### DIRECTIONS
From the first line of the entries below through the line bearing "- Zestawiające:3 [Mate]: pługmoj:1", write out each line exactly. Omit pictures.

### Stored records
-----
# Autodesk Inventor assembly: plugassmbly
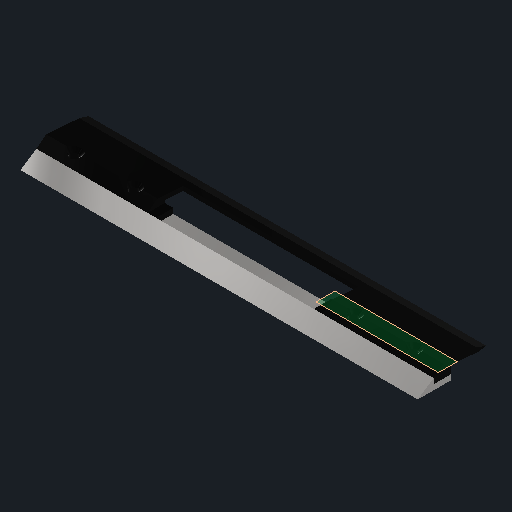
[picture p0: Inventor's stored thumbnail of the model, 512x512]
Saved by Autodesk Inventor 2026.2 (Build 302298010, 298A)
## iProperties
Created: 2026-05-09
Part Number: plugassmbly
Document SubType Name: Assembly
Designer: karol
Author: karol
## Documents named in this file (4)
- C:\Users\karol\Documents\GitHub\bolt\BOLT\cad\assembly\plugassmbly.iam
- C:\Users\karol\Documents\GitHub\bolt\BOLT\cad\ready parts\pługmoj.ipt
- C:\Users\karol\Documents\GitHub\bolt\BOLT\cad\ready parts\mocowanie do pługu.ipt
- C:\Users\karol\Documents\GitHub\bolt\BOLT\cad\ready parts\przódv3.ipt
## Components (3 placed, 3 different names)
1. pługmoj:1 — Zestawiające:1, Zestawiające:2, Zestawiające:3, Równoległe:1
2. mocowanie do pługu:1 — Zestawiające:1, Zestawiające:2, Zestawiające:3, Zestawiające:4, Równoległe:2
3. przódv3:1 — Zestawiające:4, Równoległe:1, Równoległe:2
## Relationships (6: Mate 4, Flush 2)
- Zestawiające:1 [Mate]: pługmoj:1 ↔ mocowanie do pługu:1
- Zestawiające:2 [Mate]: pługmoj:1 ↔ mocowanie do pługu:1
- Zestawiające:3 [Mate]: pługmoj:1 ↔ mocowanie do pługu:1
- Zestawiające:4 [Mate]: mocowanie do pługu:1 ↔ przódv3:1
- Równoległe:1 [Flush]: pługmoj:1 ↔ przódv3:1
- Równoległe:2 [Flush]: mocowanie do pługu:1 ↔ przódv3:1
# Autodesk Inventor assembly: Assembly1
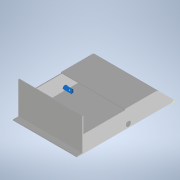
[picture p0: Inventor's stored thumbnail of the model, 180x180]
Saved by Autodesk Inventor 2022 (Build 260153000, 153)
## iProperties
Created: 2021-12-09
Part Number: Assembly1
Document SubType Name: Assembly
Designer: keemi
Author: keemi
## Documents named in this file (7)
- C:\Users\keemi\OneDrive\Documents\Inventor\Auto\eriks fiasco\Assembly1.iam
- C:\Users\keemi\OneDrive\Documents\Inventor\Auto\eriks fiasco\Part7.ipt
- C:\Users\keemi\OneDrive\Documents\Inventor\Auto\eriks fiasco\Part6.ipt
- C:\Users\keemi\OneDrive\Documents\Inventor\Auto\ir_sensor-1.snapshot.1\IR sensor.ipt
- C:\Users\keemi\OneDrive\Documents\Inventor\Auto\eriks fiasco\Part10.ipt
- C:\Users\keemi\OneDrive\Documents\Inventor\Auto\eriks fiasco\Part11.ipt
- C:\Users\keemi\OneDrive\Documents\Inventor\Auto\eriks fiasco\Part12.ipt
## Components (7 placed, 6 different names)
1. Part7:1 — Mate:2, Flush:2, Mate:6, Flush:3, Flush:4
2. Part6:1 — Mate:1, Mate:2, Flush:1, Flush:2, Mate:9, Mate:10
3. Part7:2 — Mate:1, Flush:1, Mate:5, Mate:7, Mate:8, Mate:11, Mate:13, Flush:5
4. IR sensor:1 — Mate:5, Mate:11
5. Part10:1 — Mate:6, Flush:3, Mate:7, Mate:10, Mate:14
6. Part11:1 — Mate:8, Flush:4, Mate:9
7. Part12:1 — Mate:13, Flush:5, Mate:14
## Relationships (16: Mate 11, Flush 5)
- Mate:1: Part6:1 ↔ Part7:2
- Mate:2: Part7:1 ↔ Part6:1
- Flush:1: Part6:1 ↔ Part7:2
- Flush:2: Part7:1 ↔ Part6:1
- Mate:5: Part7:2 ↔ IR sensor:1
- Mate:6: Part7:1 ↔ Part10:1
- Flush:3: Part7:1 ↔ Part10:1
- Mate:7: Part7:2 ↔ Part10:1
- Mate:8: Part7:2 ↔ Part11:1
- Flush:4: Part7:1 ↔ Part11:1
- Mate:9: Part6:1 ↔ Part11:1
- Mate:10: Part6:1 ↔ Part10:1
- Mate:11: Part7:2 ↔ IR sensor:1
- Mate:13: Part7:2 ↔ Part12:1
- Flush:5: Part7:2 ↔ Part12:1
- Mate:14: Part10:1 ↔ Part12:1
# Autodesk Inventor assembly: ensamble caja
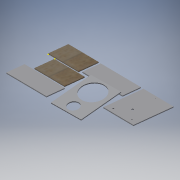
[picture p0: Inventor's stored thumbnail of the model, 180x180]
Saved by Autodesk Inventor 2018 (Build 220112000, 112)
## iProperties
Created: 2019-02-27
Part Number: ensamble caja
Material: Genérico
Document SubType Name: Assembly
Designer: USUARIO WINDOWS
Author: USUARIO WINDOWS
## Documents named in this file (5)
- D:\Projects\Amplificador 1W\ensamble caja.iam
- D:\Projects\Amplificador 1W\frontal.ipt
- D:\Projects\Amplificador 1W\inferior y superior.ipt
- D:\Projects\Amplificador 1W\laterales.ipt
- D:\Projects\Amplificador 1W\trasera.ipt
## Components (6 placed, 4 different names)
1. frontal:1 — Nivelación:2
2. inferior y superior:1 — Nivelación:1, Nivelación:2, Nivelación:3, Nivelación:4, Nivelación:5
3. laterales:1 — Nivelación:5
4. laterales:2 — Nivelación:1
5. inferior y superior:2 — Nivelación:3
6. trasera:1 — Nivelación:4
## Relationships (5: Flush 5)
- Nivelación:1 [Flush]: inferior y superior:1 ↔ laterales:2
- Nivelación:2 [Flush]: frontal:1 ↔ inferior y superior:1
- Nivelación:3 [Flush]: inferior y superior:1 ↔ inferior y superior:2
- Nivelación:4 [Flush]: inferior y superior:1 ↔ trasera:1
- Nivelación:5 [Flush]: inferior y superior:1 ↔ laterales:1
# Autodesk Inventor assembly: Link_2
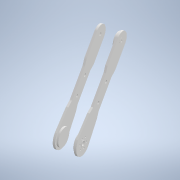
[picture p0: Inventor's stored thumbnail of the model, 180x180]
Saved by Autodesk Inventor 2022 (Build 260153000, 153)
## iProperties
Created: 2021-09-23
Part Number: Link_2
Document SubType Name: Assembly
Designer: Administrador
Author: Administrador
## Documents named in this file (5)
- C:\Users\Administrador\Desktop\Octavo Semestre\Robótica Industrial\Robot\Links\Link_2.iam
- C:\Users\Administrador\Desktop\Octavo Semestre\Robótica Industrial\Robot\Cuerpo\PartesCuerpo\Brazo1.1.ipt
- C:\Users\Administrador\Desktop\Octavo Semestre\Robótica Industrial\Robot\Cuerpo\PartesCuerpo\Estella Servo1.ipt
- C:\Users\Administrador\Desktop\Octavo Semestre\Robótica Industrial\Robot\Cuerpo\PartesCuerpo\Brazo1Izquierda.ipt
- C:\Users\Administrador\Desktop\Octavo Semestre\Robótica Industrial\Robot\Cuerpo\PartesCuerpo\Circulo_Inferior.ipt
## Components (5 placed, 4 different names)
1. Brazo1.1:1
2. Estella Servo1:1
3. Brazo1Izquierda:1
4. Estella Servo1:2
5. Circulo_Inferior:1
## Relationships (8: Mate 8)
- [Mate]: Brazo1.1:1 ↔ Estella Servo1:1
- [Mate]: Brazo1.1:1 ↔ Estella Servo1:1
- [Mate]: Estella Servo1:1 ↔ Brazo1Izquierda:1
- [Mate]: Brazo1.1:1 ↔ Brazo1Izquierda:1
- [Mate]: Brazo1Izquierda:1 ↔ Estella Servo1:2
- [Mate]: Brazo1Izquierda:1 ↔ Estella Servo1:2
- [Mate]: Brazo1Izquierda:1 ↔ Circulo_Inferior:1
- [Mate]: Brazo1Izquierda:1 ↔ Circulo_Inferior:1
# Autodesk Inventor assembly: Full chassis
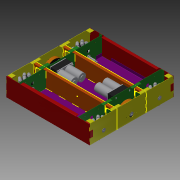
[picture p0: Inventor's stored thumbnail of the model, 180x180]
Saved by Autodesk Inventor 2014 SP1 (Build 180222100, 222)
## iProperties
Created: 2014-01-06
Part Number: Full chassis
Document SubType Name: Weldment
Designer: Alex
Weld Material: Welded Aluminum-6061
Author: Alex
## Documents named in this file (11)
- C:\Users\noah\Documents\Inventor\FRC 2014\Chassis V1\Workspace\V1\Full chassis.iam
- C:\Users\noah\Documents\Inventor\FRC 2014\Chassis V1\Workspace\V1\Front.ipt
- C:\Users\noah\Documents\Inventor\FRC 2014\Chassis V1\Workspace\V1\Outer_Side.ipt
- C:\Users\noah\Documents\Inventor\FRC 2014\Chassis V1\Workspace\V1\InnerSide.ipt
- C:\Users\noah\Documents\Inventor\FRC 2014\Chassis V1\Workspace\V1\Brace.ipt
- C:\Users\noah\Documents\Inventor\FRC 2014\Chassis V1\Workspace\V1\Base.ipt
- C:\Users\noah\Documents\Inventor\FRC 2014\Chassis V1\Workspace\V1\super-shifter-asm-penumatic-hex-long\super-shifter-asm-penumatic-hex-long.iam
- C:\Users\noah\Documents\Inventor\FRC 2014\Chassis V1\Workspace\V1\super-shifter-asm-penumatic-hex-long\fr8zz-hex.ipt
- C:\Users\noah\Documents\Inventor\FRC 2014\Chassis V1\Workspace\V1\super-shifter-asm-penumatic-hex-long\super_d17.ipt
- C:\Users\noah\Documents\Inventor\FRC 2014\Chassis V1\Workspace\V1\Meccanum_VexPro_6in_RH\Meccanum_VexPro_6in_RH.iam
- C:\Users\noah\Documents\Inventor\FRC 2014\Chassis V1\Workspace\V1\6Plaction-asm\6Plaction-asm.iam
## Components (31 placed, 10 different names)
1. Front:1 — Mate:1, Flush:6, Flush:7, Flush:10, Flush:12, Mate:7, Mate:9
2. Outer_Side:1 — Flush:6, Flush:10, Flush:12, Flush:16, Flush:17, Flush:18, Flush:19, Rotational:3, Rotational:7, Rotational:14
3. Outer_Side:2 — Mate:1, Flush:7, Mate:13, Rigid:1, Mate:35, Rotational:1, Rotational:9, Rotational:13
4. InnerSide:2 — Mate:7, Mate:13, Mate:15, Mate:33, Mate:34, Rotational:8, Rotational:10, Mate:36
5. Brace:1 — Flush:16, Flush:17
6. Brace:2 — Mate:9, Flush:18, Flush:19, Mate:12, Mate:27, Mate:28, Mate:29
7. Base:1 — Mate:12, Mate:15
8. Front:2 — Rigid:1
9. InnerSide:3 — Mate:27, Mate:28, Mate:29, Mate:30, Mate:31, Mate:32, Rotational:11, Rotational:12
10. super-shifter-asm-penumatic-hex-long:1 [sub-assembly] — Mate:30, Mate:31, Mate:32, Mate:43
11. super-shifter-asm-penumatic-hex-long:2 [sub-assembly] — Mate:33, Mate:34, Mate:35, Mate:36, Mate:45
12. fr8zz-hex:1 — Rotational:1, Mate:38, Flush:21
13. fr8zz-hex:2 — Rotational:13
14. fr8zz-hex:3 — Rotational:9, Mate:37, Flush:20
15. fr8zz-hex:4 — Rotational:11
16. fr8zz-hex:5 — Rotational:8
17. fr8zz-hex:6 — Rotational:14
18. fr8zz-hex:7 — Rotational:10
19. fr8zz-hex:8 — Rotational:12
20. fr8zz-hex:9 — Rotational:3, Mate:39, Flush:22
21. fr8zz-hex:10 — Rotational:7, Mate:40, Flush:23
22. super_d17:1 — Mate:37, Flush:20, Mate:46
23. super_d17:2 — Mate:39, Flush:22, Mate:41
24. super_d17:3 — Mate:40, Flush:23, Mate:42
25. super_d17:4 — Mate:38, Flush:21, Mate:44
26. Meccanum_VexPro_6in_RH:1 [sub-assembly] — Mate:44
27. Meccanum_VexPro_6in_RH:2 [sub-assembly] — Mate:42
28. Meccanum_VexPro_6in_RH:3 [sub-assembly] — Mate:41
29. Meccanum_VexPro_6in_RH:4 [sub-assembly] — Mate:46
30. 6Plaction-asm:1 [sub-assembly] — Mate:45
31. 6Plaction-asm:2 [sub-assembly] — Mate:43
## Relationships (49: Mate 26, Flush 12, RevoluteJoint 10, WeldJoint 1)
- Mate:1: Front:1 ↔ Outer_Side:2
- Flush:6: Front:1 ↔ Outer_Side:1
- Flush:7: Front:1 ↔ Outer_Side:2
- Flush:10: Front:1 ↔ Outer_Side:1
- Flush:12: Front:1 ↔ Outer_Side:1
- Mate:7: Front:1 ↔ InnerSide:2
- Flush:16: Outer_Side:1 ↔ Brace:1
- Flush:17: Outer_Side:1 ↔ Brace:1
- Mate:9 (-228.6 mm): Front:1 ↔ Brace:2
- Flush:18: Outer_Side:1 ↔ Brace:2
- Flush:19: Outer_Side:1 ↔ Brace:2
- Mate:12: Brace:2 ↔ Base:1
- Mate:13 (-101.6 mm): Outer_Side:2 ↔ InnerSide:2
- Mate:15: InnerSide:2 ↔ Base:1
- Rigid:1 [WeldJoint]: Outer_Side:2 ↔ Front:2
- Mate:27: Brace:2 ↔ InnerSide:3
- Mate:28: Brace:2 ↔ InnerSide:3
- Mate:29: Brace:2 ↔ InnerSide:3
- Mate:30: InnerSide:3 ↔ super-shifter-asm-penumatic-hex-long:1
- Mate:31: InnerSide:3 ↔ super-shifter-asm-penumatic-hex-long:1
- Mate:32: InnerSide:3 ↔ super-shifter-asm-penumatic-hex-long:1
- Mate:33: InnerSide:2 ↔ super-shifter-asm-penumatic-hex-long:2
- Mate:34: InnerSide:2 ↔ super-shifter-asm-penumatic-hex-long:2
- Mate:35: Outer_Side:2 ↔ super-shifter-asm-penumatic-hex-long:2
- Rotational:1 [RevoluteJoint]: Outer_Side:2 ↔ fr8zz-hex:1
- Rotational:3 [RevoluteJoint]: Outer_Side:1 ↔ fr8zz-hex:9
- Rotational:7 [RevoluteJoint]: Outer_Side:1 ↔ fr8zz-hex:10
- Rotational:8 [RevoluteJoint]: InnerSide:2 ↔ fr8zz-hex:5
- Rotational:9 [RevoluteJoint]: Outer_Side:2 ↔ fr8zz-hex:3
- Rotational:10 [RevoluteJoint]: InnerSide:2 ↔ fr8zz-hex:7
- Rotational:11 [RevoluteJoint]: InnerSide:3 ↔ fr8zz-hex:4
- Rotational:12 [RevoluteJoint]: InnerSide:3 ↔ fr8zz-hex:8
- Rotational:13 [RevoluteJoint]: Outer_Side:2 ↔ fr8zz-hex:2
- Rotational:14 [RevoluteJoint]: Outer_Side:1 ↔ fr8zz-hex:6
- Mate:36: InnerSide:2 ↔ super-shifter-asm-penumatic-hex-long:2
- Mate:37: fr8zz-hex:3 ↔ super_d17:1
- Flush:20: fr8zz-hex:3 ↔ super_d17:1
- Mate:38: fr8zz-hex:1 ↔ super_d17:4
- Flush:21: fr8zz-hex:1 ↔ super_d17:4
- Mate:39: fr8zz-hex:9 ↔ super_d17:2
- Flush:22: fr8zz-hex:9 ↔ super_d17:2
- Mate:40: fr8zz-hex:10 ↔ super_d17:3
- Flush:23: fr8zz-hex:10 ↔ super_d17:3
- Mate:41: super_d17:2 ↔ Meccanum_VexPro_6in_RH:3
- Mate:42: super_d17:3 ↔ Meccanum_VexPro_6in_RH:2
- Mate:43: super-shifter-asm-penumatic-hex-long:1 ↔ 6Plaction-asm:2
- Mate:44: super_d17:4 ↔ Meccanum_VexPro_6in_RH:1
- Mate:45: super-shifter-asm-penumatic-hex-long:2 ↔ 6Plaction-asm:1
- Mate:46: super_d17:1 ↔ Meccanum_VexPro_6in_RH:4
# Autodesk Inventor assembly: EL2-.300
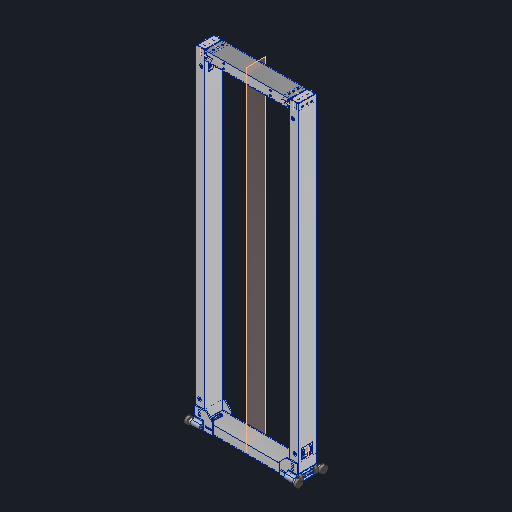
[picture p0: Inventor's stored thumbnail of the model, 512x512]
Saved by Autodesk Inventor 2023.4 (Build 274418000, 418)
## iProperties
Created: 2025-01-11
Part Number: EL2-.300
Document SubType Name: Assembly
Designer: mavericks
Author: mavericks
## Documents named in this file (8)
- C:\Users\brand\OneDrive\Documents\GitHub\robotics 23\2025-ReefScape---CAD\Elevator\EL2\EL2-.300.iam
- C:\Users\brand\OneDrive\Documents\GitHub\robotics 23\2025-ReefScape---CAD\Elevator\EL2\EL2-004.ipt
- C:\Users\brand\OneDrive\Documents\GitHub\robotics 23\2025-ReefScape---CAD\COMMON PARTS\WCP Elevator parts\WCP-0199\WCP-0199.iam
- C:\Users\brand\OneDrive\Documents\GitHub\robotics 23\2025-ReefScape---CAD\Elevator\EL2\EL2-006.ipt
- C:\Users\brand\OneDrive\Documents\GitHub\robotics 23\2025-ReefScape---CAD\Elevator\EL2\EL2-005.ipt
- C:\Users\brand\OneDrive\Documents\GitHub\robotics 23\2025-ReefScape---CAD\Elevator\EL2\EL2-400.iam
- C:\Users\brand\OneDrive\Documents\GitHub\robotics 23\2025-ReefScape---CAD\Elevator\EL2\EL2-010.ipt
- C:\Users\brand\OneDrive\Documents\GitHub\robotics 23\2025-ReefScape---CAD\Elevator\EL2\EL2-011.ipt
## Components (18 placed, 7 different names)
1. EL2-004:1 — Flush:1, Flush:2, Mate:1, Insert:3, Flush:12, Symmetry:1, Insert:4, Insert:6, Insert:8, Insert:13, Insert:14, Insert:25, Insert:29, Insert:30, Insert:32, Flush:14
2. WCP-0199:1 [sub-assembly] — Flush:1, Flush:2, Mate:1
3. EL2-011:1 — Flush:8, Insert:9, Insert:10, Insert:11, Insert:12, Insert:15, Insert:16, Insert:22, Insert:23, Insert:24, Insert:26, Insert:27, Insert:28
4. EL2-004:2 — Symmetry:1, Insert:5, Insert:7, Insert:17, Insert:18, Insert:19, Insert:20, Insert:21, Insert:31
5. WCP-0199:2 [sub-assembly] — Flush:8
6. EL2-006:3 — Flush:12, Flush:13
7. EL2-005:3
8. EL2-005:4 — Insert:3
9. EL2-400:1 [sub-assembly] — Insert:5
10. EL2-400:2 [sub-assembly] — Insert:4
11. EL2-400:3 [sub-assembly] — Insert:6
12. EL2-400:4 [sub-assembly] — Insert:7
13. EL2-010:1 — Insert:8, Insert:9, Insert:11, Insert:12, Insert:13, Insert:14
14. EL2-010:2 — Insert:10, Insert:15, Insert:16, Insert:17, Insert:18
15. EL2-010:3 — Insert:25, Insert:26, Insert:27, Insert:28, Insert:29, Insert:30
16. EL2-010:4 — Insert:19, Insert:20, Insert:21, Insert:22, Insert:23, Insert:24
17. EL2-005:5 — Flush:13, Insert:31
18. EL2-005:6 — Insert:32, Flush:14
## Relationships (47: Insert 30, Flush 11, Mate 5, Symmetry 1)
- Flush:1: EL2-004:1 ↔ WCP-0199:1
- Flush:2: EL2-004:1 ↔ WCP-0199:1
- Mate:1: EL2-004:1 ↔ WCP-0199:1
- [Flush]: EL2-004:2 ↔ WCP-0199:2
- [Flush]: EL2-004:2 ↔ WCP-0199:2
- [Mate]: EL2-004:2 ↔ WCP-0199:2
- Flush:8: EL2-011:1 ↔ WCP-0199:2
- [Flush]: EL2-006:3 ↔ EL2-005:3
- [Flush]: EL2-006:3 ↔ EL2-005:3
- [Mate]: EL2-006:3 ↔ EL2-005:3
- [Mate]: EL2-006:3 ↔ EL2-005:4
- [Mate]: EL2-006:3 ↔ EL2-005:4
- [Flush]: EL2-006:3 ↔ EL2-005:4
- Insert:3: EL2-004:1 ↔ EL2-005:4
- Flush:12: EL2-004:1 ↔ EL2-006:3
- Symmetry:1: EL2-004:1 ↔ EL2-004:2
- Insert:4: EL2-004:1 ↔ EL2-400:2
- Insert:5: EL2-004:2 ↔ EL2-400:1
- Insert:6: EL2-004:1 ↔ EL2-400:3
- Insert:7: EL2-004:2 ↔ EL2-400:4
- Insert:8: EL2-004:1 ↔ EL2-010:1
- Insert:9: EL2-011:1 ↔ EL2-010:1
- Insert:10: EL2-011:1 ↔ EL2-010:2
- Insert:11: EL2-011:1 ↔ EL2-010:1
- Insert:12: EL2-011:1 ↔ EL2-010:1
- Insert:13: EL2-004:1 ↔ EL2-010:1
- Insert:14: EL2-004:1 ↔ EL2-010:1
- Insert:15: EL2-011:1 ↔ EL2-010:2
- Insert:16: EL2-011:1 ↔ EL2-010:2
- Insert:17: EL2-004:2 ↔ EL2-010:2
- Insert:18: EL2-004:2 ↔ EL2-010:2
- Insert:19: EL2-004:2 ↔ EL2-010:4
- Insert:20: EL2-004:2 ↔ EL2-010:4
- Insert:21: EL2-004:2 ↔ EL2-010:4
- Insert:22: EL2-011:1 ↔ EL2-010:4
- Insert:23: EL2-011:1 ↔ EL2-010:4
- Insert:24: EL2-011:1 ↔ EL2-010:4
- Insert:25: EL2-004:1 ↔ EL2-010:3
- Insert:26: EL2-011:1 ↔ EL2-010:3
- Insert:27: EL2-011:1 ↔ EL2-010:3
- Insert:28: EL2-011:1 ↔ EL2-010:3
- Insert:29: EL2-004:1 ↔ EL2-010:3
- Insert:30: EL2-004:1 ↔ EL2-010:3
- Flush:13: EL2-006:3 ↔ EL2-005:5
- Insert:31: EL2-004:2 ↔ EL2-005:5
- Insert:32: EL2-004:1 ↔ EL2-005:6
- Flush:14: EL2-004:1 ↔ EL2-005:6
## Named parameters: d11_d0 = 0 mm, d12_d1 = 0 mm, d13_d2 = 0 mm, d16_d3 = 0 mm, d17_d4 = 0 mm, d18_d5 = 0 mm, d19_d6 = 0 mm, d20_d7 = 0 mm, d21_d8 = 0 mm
-----
### REPLY TO THE TASK
# Autodesk Inventor assembly: plugassmbly
[picture p0: Inventor's stored thumbnail of the model, 512x512]
Saved by Autodesk Inventor 2026.2 (Build 302298010, 298A)
## iProperties
Created: 2026-05-09
Part Number: plugassmbly
Document SubType Name: Assembly
Designer: karol
Author: karol
## Documents named in this file (4)
- C:\Users\karol\Documents\GitHub\bolt\BOLT\cad\assembly\plugassmbly.iam
- C:\Users\karol\Documents\GitHub\bolt\BOLT\cad\ready parts\pługmoj.ipt
- C:\Users\karol\Documents\GitHub\bolt\BOLT\cad\ready parts\mocowanie do pługu.ipt
- C:\Users\karol\Documents\GitHub\bolt\BOLT\cad\ready parts\przódv3.ipt
## Components (3 placed, 3 different names)
1. pługmoj:1 — Zestawiające:1, Zestawiające:2, Zestawiające:3, Równoległe:1
2. mocowanie do pługu:1 — Zestawiające:1, Zestawiające:2, Zestawiające:3, Zestawiające:4, Równoległe:2
3. przódv3:1 — Zestawiające:4, Równoległe:1, Równoległe:2
## Relationships (6: Mate 4, Flush 2)
- Zestawiające:1 [Mate]: pługmoj:1 ↔ mocowanie do pługu:1
- Zestawiające:2 [Mate]: pługmoj:1 ↔ mocowanie do pługu:1
- Zestawiające:3 [Mate]: pługmoj:1 ↔ mocowanie do pługu:1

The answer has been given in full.